=== Provided data ===
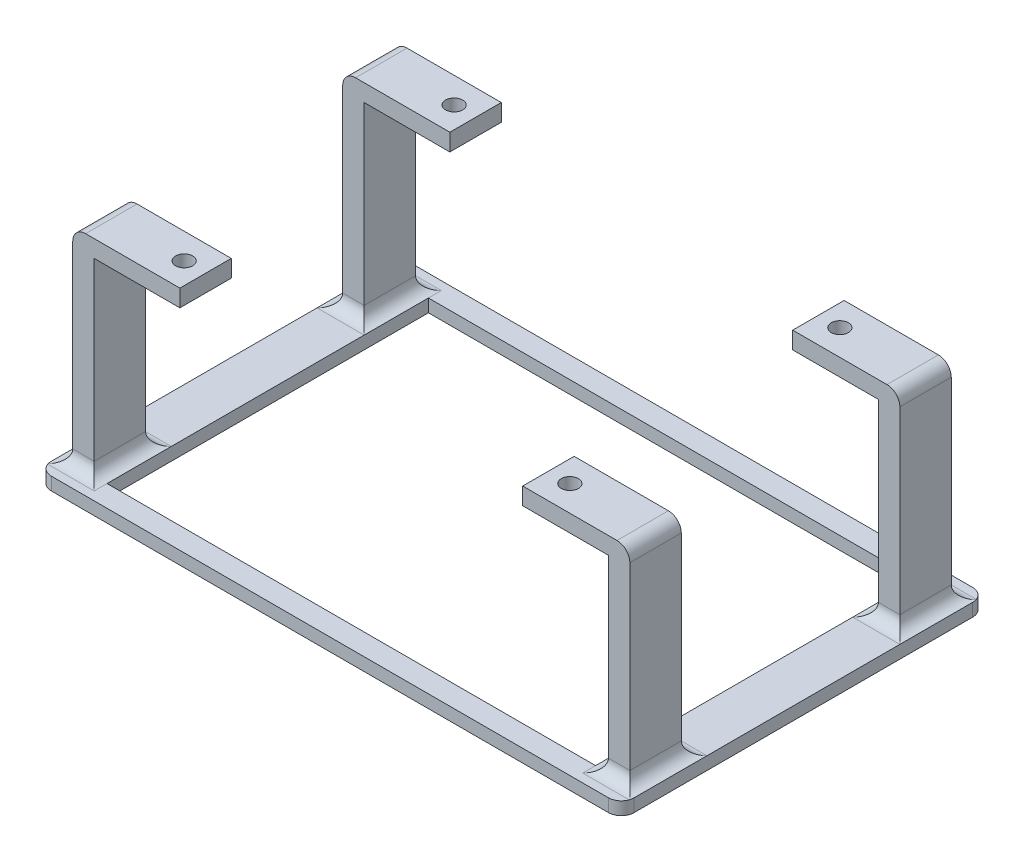
SolidWorks part; units mm, degrees
ref_plane "Front Plane" through (0, 0, 0) normal (0, 0, 1) x (1, 0, 0)
ref_plane "Top Plane" through (0, 0, 0) normal (0, 1, 0) x (1, 0, 0)
ref_plane "Right Plane" through (0, 0, 0) normal (1, 0, 0) x (0, 0, -1)
sketch "Sketch1" plane through (0, 0, 0) normal (0, 1, 0) x (1, 0, 0)
  line L1 (0, 0) -> (114, 0)
  line L2 (0, 0) -> (0, 75)
  line L3 (0, 75) -> (114, 75)
  line L4 (114, 0) -> (114, 75)
  line L9 (-11, 80) -> (125, 80)
  line L10 (-11, 80) -> (-11, -5)
  line L11 (-11, -5) -> (125, -5)
  line L12 (125, 80) -> (125, -5)
  dimension "D1" = 75
  dimension "D2" = 114
extrude "Boss-Extrude1" add sketch "Sketch1" along normal blind 3
sketch "Sketch2" plane through (0, 3, 0) normal (0, 1, 0) x (1, 0, 0)
  line L1 (-3, 75) -> (-3, 63)
  line L2 (-3, 63) -> (-8, 63)
  line L3 (-8, 63) -> (-8, 75)
  line L4 (-8, 75) -> (-3, 75)
  line L8 (-8, 0) -> (-3, 0)
  line L9 (-8, 12) -> (-8, 0)
  line L10 (-3, 12) -> (-8, 12)
  line L11 (-3, 0) -> (-3, 12)
  line L12 (117, 0) -> (117, 12)
  line L13 (117, 12) -> (122, 12)
  line L14 (122, 12) -> (122, 0)
  line L15 (122, 0) -> (117, 0)
  line L16 (122, 75) -> (117, 75)
  line L17 (122, 63) -> (122, 75)
  line L18 (117, 63) -> (122, 63)
  line L19 (117, 75) -> (117, 63)
extrude "Boss-Extrude2" add sketch "Sketch2" along normal blind 48
fillet "Fillet1" radius 3 8 edges at (-8, 51, -6) (-8, 51, -69) (122, 51, -69) (122, 51, -6) (125, 1.5, 5) (125, 1.5, -80) (-11, 1.5, -80) (-11, 1.5, 5)
sketch "Sketch3" plane through (0, 51, 0) normal (0, 1, 0) x (1, 0, 0)
  line L0 (117, 0) -> (97, 0)
  line L1 (97, 0) -> (97, 12)
  line L2 (97, 12) -> (117, 12)
  line L3 (117, 12) -> (117, 0)
  line L7 (-3, 12) -> (-3, 0)
  line L8 (17, 12) -> (-3, 12)
  line L9 (17, 0) -> (17, 12)
  line L10 (-3, 0) -> (17, 0)
  line L11 (117, 63) -> (117, 75)
  line L12 (97, 63) -> (117, 63)
  line L13 (97, 75) -> (97, 63)
  line L14 (117, 75) -> (97, 75)
  line L15 (-3, 75) -> (17, 75)
  line L16 (17, 75) -> (17, 63)
  line L17 (17, 63) -> (-3, 63)
  line L18 (-3, 63) -> (-3, 75)
  circle A0 centre (102, 6) radius 2
  circle A1 centre (12, 6) radius 2
  circle A2 centre (102, 69) radius 2
  circle A3 centre (12, 69) radius 2
extrude "Boss-Extrude3" add sketch "Sketch3" against normal blind 4
fillet "Fillet2" radius 3 16 edges at (-8, 3, -6) (-5.5, 3, 0) (-3, 3, -6) (-5.5, 3, -12) (-5.5, 3, -63) (-3, 3, -69) (-8, 3, -69) (-5.5, 3, -75) (117, 3, -6) (119.5, 3, 0) (122, 3, -6) (119.5, 3, -12) (119.5, 3, -63) (122, 3, -69) (119.5, 3, -75) (117, 3, -69)
===
» **Instructions for the task**
The answer must be an exact copy of the lines from the start of the records above through the line containing "3, 0) normal", with no pictures in it.

» **The answer**
SolidWorks part; units mm, degrees
ref_plane "Front Plane" through (0, 0, 0) normal (0, 0, 1) x (1, 0, 0)
ref_plane "Top Plane" through (0, 0, 0) normal (0, 1, 0) x (1, 0, 0)
ref_plane "Right Plane" through (0, 0, 0) normal (1, 0, 0) x (0, 0, -1)
sketch "Sketch1" plane through (0, 0, 0) normal (0, 1, 0) x (1, 0, 0)
  line L1 (0, 0) -> (114, 0)
  line L2 (0, 0) -> (0, 75)
  line L3 (0, 75) -> (114, 75)
  line L4 (114, 0) -> (114, 75)
  line L9 (-11, 80) -> (125, 80)
  line L10 (-11, 80) -> (-11, -5)
  line L11 (-11, -5) -> (125, -5)
  line L12 (125, 80) -> (125, -5)
  dimension "D1" = 75
  dimension "D2" = 114
extrude "Boss-Extrude1" add sketch "Sketch1" along normal blind 3
sketch "Sketch2" plane through (0, 3, 0) normal (0, 1, 0) x (1, 0, 0)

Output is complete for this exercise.